**Work required:** Write out exactly the lines of the entries below, from the first through the line containing "# Sketch1 →", and nothing beyond them.
————
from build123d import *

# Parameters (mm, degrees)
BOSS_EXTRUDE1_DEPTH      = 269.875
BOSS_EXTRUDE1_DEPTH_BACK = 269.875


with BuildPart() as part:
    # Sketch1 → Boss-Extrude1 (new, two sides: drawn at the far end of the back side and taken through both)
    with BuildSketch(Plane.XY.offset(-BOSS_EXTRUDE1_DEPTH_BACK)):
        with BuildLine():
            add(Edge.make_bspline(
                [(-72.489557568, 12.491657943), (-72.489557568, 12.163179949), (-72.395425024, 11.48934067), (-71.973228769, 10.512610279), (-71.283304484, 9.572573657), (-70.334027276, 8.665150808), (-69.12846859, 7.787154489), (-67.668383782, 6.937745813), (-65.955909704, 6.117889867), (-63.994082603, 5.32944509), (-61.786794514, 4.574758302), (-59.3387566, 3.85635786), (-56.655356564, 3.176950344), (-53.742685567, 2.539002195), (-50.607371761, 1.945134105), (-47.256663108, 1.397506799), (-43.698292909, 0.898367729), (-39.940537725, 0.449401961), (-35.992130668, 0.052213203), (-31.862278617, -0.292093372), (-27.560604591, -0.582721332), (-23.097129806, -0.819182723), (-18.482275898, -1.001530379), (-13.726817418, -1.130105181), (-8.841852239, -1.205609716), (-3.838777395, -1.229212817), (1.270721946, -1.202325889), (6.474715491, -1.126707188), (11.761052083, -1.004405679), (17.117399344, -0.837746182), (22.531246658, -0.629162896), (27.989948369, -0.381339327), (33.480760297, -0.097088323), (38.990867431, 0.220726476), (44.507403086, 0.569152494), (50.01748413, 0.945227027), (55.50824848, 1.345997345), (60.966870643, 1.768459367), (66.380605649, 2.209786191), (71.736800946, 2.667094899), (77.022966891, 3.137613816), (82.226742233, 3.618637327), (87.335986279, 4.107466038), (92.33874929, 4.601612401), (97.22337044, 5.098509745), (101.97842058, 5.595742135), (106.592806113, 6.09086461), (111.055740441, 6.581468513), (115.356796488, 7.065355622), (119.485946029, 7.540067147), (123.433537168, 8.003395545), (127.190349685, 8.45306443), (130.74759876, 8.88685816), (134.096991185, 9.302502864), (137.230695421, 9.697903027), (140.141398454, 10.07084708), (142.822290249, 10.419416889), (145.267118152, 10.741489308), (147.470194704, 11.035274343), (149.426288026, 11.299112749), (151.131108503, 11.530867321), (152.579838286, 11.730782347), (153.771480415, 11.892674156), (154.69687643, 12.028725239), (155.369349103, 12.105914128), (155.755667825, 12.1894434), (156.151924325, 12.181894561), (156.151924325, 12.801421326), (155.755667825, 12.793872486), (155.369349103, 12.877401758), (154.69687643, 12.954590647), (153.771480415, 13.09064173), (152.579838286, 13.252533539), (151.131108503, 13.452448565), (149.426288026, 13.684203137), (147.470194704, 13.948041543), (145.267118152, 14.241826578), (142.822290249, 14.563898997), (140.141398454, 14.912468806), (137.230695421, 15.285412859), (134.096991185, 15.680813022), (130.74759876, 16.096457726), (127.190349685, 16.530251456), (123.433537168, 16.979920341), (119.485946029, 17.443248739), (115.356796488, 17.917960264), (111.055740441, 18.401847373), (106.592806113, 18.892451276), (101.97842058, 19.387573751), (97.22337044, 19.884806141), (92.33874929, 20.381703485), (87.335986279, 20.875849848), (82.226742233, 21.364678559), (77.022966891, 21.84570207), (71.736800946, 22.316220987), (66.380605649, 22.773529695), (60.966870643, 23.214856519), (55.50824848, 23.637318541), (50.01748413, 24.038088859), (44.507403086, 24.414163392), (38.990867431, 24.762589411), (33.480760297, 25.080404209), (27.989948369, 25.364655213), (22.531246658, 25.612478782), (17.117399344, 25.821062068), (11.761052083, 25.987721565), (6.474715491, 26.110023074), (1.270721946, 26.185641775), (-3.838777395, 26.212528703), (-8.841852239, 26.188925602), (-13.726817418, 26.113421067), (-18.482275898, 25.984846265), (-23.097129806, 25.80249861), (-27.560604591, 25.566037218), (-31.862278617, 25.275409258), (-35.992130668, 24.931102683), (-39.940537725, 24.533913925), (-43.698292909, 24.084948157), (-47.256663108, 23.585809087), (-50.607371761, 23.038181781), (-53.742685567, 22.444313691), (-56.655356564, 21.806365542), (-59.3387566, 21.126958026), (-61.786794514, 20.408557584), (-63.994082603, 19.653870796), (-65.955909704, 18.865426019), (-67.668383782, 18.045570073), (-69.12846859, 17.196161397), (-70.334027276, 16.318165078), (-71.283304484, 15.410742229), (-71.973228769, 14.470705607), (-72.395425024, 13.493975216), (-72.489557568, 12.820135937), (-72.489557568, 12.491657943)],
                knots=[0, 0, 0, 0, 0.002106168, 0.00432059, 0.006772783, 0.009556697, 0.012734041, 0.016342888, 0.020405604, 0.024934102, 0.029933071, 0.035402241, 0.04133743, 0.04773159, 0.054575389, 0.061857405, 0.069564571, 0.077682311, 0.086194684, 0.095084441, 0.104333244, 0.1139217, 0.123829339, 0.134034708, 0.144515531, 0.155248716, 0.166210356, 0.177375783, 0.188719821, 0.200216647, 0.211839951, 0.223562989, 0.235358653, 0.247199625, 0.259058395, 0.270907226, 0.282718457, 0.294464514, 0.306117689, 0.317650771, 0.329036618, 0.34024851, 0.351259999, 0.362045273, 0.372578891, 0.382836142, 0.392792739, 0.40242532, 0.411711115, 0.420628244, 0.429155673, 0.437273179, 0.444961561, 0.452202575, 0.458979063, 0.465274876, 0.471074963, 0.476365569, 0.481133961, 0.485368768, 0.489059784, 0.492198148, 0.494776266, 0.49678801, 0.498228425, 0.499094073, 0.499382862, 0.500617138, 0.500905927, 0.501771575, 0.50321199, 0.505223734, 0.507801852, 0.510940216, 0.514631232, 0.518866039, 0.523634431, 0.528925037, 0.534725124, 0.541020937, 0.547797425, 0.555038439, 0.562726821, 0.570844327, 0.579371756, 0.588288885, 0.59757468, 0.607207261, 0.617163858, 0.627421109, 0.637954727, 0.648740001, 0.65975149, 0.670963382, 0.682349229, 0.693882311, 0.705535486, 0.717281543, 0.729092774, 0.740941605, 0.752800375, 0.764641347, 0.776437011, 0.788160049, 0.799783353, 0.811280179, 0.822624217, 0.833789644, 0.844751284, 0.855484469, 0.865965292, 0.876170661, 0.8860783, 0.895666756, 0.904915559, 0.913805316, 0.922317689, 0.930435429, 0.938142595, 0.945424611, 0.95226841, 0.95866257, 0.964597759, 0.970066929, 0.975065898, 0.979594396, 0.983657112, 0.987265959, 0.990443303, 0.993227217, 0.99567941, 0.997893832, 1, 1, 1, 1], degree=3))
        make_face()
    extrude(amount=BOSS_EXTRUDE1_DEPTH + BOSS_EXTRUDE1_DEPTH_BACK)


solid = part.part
————
**Response to the exercise:**
from build123d import *

# Parameters (mm, degrees)
BOSS_EXTRUDE1_DEPTH      = 269.875
BOSS_EXTRUDE1_DEPTH_BACK = 269.875


with BuildPart() as part:
    # Sketch1 → Boss-Extrude1 (new, two sides: drawn at the far end of the back side and taken through both)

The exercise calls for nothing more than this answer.